US Vice President Mike Pence talks to the media before departing for travel to the vice presidential debate in Salt Lake City, Utah, at Joint Base Andrews, Maryland, US October 5, 2020. Erin Scott, Reuters/File
MANILA - US President Donald Trump did not see the need to temporarily transfer power to Vice President Mike Pence, when he caught the coronavirus and even while he was hospitalized at Walter Reed National Military Medical Center.
Section 3 of the US Constitution’s 25th Amendment allows a sitting president to declare in writing his inability to discharge his duties. The vice president becomes acting president while the president remains in office. The president can regain his powers by declaring he is ready to discharge the powers and duties of his office.
In Trump’s case, the White House released on Oct. 3 photos of him at work while at Walter Reed’s presidential suite.
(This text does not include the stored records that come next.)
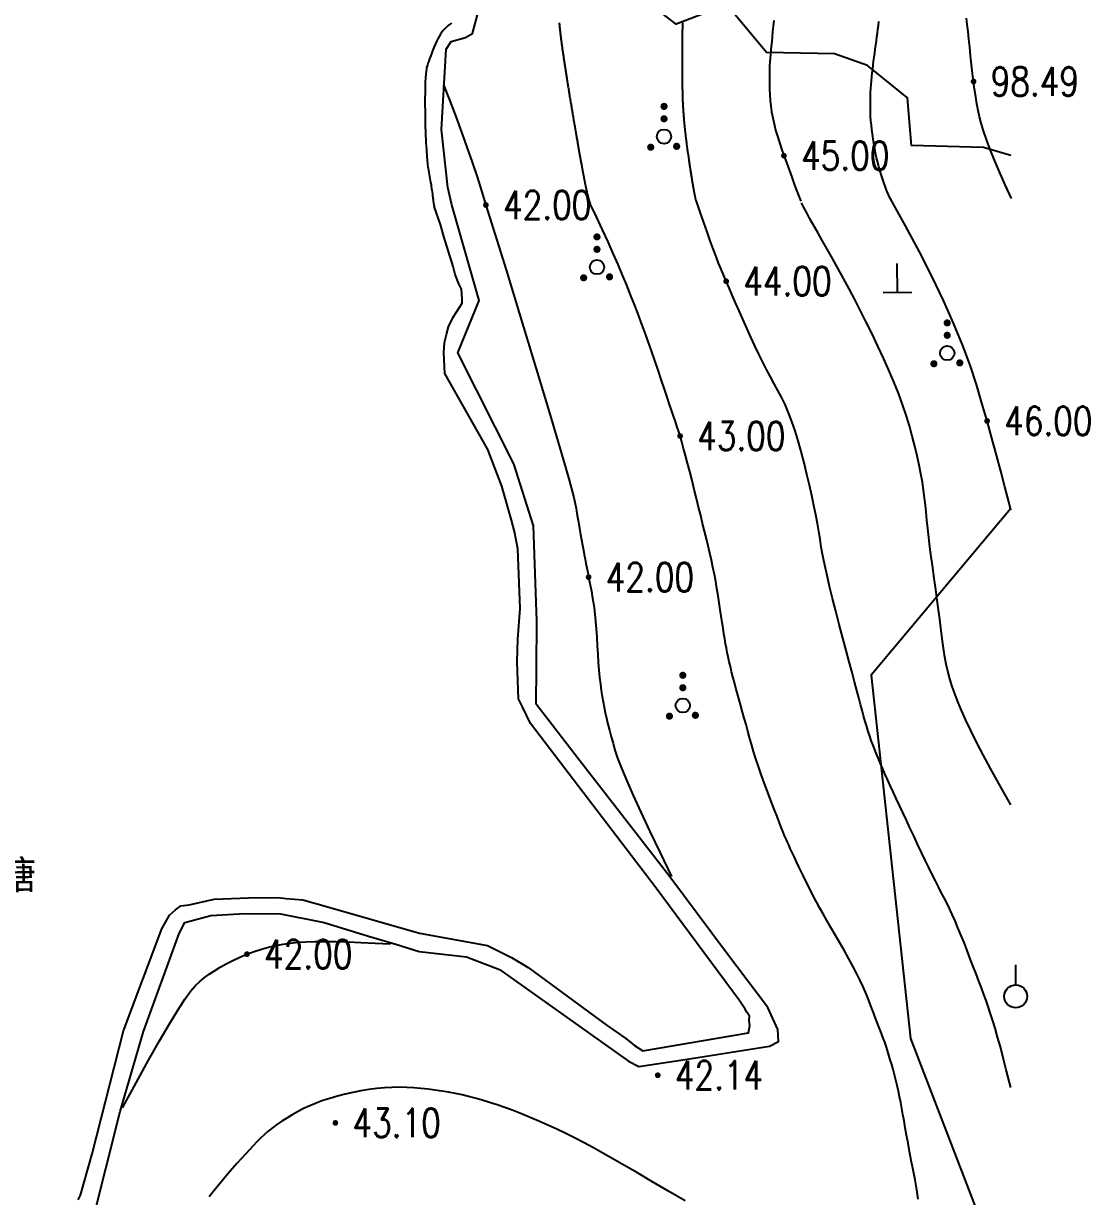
# Model space of a CAD drawing. Extents: x 39624947 to 39626627, y 3418539 to 3418836.
# Drawn here: x 39625652.4 to 39625727, y 3418641.9 to 3418723.9 of the extents above; entities that cross this region are included whole.
import ezdxf
from ezdxf.enums import TextEntityAlignment as Align

# ---------------------------------------------------------------- set-up
doc = ezdxf.new("R2010")
doc.units = 0
doc.layers.get('0').update_dxf_attribs({"linetype": 'CONTINUOUS'})
for name, color, linetype in [('DLDW', 11, 'CONTINUOUS'), ('GCD', 7, 'CONTINUOUS'), ('PUB_WALL', 9, 'CONTINUOUS')]:
    doc.layers.add(name, color=color, linetype=linetype)
doc.styles.add('HZ', font='rs.shx', dxfattribs={"width": 0.8, "bigfont": 'hztxt.shx'})
doc.styles.add('等线体', font='simhei.ttf')

# ---------------------------------------------------------------- blocks, each defined once
blk = doc.blocks.new('GC111')
for p, q in [((0, 0), (0, 2)), ((-1, 0), (1, 0))]:
    blk.add_line(p, q)
blk = doc.blocks.new('GC160')
at = {"const_width": 0.25}
for points in [[(1.584, 3.353, 1), (1.834, 3.353, 1)], [(1.584, 2.484, 1), (1.834, 2.484, 1)], [(0.652, 0.496, 1), (0.902, 0.496, 1)], [(2.464, 0.558, 1), (2.714, 0.558, 1)]]:
    blk.add_lwpolyline(points, format="xyb", close=True, dxfattribs=at)
blk.add_circle((1.709, 1.242), 0.5)
blk = doc.blocks.new('GC125')
blk.add_line((0, 0.8), (0, 2.2))
blk.add_circle((0, 0), 0.8)
blk = doc.blocks.new('GC200')
at = {"linetype": 'Continuous', "const_width": 0.2, "flags": 128}
blk.add_lwpolyline([(-0.1, 0, 1), (0.1, 0, 1)], format="xyb", close=True, dxfattribs=at)
blk = doc.blocks.new('111133333777777')
at = {"layer": 'PUB_WALL', "color": 252, "ltscale": 0.01}
for points in [[(39623475.817, 3418703.616), (39623475.807, 3418703.648), (39623475.797, 3418703.678), (39623475.788, 3418703.708), (39623475.78, 3418703.737), (39623475.772, 3418703.765), (39623475.764, 3418703.792), (39623475.757, 3418703.819), (39623475.751, 3418703.845), (39623475.745, 3418703.871), (39623475.738, 3418703.898), (39623475.732, 3418703.926), (39623475.725, 3418703.956), (39623475.719, 3418703.987), (39623475.712, 3418704.019), (39623475.705, 3418704.052), (39623475.697, 3418704.087), (39623475.69, 3418704.122), (39623475.683, 3418704.159), (39623475.675, 3418704.197), (39623475.668, 3418704.237), (39623475.66, 3418704.277), (39623475.652, 3418704.319), (39623475.644, 3418704.362), (39623475.635, 3418704.406), (39623475.627, 3418704.451), (39623475.619, 3418704.497), (39623475.61, 3418704.545), (39623475.601, 3418704.594), (39623475.592, 3418704.644), (39623475.583, 3418704.695), (39623475.574, 3418704.748), (39623475.565, 3418704.801), (39623475.556, 3418704.856), (39623475.546, 3418704.912), (39623475.536, 3418704.97), (39623475.526, 3418705.028), (39623475.517, 3418705.088), (39623475.506, 3418705.149), (39623475.496, 3418705.211), (39623475.486, 3418705.274), (39623475.475, 3418705.339), (39623475.465, 3418705.404), (39623475.454, 3418705.471), (39623475.443, 3418705.539), (39623475.432, 3418705.609), (39623475.421, 3418705.679), (39623475.41, 3418705.751), (39623475.398, 3418705.824), (39623475.387, 3418705.898), (39623475.375, 3418705.973), (39623475.364, 3418706.05), (39623475.352, 3418706.127), (39623475.34, 3418706.206), (39623475.327, 3418706.286), (39623475.315, 3418706.368), (39623475.303, 3418706.45), (39623475.29, 3418706.534), (39623475.278, 3418706.617), (39623475.265, 3418706.702), (39623475.253, 3418706.786), (39623475.24, 3418706.871), (39623475.228, 3418706.956), (39623475.216, 3418707.042), (39623475.204, 3418707.128), (39623475.191, 3418707.214), (39623475.179, 3418707.3), (39623475.168, 3418707.385), (39623475.156, 3418707.47), (39623475.145, 3418707.555), (39623475.134, 3418707.639), (39623475.123, 3418707.722), (39623475.112, 3418707.806), (39623475.101, 3418707.889), (39623475.091, 3418707.971), (39623475.081, 3418708.053), (39623475.071, 3418708.135), (39623475.061, 3418708.216), (39623475.052, 3418708.297), (39623475.042, 3418708.377), (39623475.033, 3418708.457), (39623475.024, 3418708.537), (39623475.016, 3418708.616), (39623475.007, 3418708.695), (39623474.999, 3418708.774), (39623474.991, 3418708.852), (39623474.983, 3418708.929), (39623474.975, 3418709.006), (39623474.968, 3418709.083), (39623474.96, 3418709.16), (39623474.953, 3418709.236), (39623474.946, 3418709.311), (39623474.94, 3418709.387), (39623474.933, 3418709.461), (39623474.927, 3418709.536), (39623474.921, 3418709.61), (39623474.915, 3418709.683), (39623474.909, 3418709.756), (39623474.904, 3418709.829), (39623474.898, 3418709.902), (39623474.893, 3418709.974), (39623474.888, 3418710.045), (39623474.884, 3418710.116), (39623474.879, 3418710.187), (39623474.875, 3418710.257), (39623474.871, 3418710.327), (39623474.867, 3418710.397), (39623474.863, 3418710.466), (39623474.86, 3418710.535), (39623474.856, 3418710.603), (39623474.853, 3418710.671), (39623474.85, 3418710.738), (39623474.848, 3418710.806), (39623474.845, 3418710.872), (39623474.843, 3418710.939), (39623474.841, 3418711.005), (39623474.839, 3418711.07), (39623474.837, 3418711.135), (39623474.836, 3418711.2), (39623474.834, 3418711.264), (39623474.833, 3418711.328), (39623474.832, 3418711.392), (39623474.832, 3418711.455), (39623474.831, 3418711.518), (39623474.83, 3418711.581), (39623474.83, 3418711.643), (39623474.829, 3418711.706), (39623474.829, 3418711.768), (39623474.829, 3418711.829), (39623474.829, 3418711.891), (39623474.828, 3418711.952), (39623474.828, 3418712.014), (39623474.828, 3418712.075), (39623474.828, 3418712.136), (39623474.828, 3418712.198), (39623474.828, 3418712.259), (39623474.828, 3418712.32), (39623474.827, 3418712.38), (39623474.827, 3418712.441), (39623474.827, 3418712.502), (39623474.827, 3418712.562), (39623474.827, 3418712.623), (39623474.827, 3418712.683), (39623474.827, 3418712.743), (39623474.827, 3418712.803), (39623474.827, 3418712.863), (39623474.826, 3418712.923), (39623474.826, 3418712.983), (39623474.826, 3418713.043), (39623474.826, 3418713.103), (39623474.826, 3418713.162), (39623474.826, 3418713.222), (39623474.826, 3418713.281), (39623474.826, 3418713.34), (39623474.826, 3418713.399), (39623474.826, 3418713.459), (39623474.826, 3418713.518), (39623474.826, 3418713.576), (39623474.826, 3418713.635), (39623474.826, 3418713.694), (39623474.826, 3418713.752), (39623474.826, 3418713.811), (39623474.826, 3418713.869), (39623474.825, 3418713.928), (39623474.825, 3418713.986), (39623474.825, 3418714.044), (39623474.825, 3418714.102), (39623474.825, 3418714.16), (39623474.825, 3418714.217), (39623474.825, 3418714.275), (39623474.825, 3418714.333), (39623474.825, 3418714.39), (39623474.825, 3418714.448), (39623474.825, 3418714.505), (39623474.825, 3418714.562), (39623474.825, 3418714.619), (39623474.825, 3418714.676), (39623474.825, 3418714.733), (39623474.825, 3418714.79), (39623474.826, 3418714.847), (39623474.826, 3418714.903), (39623474.826, 3418714.96), (39623474.826, 3418715.016), (39623474.826, 3418715.072), (39623474.826, 3418715.129), (39623474.826, 3418715.185), (39623474.826, 3418715.241), (39623474.826, 3418715.297), (39623474.827, 3418715.353), (39623474.827, 3418715.409), (39623474.828, 3418715.464), (39623474.828, 3418715.52), (39623474.829, 3418715.576), (39623474.83, 3418715.631), (39623474.831, 3418715.687), (39623474.833, 3418715.742), (39623474.834, 3418715.798), (39623474.836, 3418715.853), (39623474.838, 3418715.908), (39623474.84, 3418715.964), (39623474.842, 3418716.019), (39623474.844, 3418716.074), (39623474.847, 3418716.129), (39623474.85, 3418716.185)], [(39623466.196, 3418716.178), (39623466.202, 3418716.111), (39623466.208, 3418716.044), (39623466.215, 3418715.977), (39623466.222, 3418715.91), (39623466.228, 3418715.842), (39623466.235, 3418715.775), (39623466.243, 3418715.707), (39623466.25, 3418715.64), (39623466.257, 3418715.572), (39623466.265, 3418715.504), (39623466.273, 3418715.437), (39623466.28, 3418715.369), (39623466.288, 3418715.301), (39623466.297, 3418715.233), (39623466.305, 3418715.164), (39623466.313, 3418715.096), (39623466.322, 3418715.028), (39623466.331, 3418714.96), (39623466.339, 3418714.891), (39623466.348, 3418714.822), (39623466.358, 3418714.754), (39623466.367, 3418714.685), (39623466.376, 3418714.616), (39623466.386, 3418714.547), (39623466.396, 3418714.478), (39623466.405, 3418714.409), (39623466.415, 3418714.34), (39623466.425, 3418714.27), (39623466.435, 3418714.2), (39623466.446, 3418714.13), (39623466.456, 3418714.06), (39623466.466, 3418713.99), (39623466.477, 3418713.919), (39623466.487, 3418713.848), (39623466.498, 3418713.777), (39623466.509, 3418713.705), (39623466.519, 3418713.634), (39623466.53, 3418713.562), (39623466.541, 3418713.489), (39623466.552, 3418713.417), (39623466.563, 3418713.344), (39623466.574, 3418713.271), (39623466.586, 3418713.197), (39623466.597, 3418713.124), (39623466.608, 3418713.05), (39623466.62, 3418712.976), (39623466.631, 3418712.901), (39623466.643, 3418712.827), (39623466.654, 3418712.752), (39623466.666, 3418712.676), (39623466.678, 3418712.601), (39623466.69, 3418712.525), (39623466.702, 3418712.449), (39623466.714, 3418712.373), (39623466.726, 3418712.296), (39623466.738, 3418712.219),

He even went on a drive-by outside the hospital to wave at supporters.
US-based law professor Joel Goldstein of the Saint Louis University School of Law explains it is the “custom” that the sitting president transfers power to the vice president if the chief executive is being subjected to general anesthesia.
“The custom has developed that if a president is subject to general anesthesia, and the president knows that this is going to happen, that he or she will transfer power under section three of the 25th amendment,” Goldstein said in a briefing with selected journalists participating in the virtual reporting tour on the US Elections organized by the US Department of State’s Foreign Press Centers.
There were only three instances where this happened.
In 1985, Vice President George H.W. Bush became acting president for eight hours when President Ronald Reagan underwent a colonoscopy under general anesthesia to remove a cancerous growth.
In 2002 and 2007, Vice President Dick Cheney became acting president for a few hours when President George W. Bush underwent colonoscopy under general anesthesia on both occasions.
“There are at least three other instances where presidents thought they might have to undergo general anesthesia, and they were prepared to transfer power to the vice president, but then it turned out that they didn't need a general, and so they didn’t,” said Goldstein, who has authored two books on the vice presidency.
He pointed out that there can be other conditions that may render the president unable to discharge the powers and duties of the office.
“But the fact that the president can't do some things, doesn't mean that he or she is unable to discharge the powers and duties of the office. Presidents, like the rest of us, get sick and may not be able to give a speech or take an overseas trip, and that doesn't necessarily mean that they're unable to discharge the powers and duties of the office,” Goldstein said.
Section 4 of the 25th Amendment allows the vice president and a majority of the Cabinet, by informing Congress, to strip the president of powers if he is unwilling or unable to declare his or her own inability to discharge the powers and duties of the presidency. The vice president then becomes acting president. This section has not been invoked in the past.
While the decision-making is largely placed within the executive branch, the American people and the press have a role in assessing the situation.
“Ultimately it becomes a decision that has to be assessed politically if people believe that the president is making a decision improperly, the remedy in our democracy is through democratic means through public disagreement and expression under the First Amendment and otherwise,” Goldstein said.
“In terms of whose responsibility it is, I think that's part of the function in any administration of a free press to be asking questions. It's part of the responsibility of Congress to be exercising a check and balance on the executive, to be raising issues under any administration where you have a situation where there's reason to think that a president is disabled.”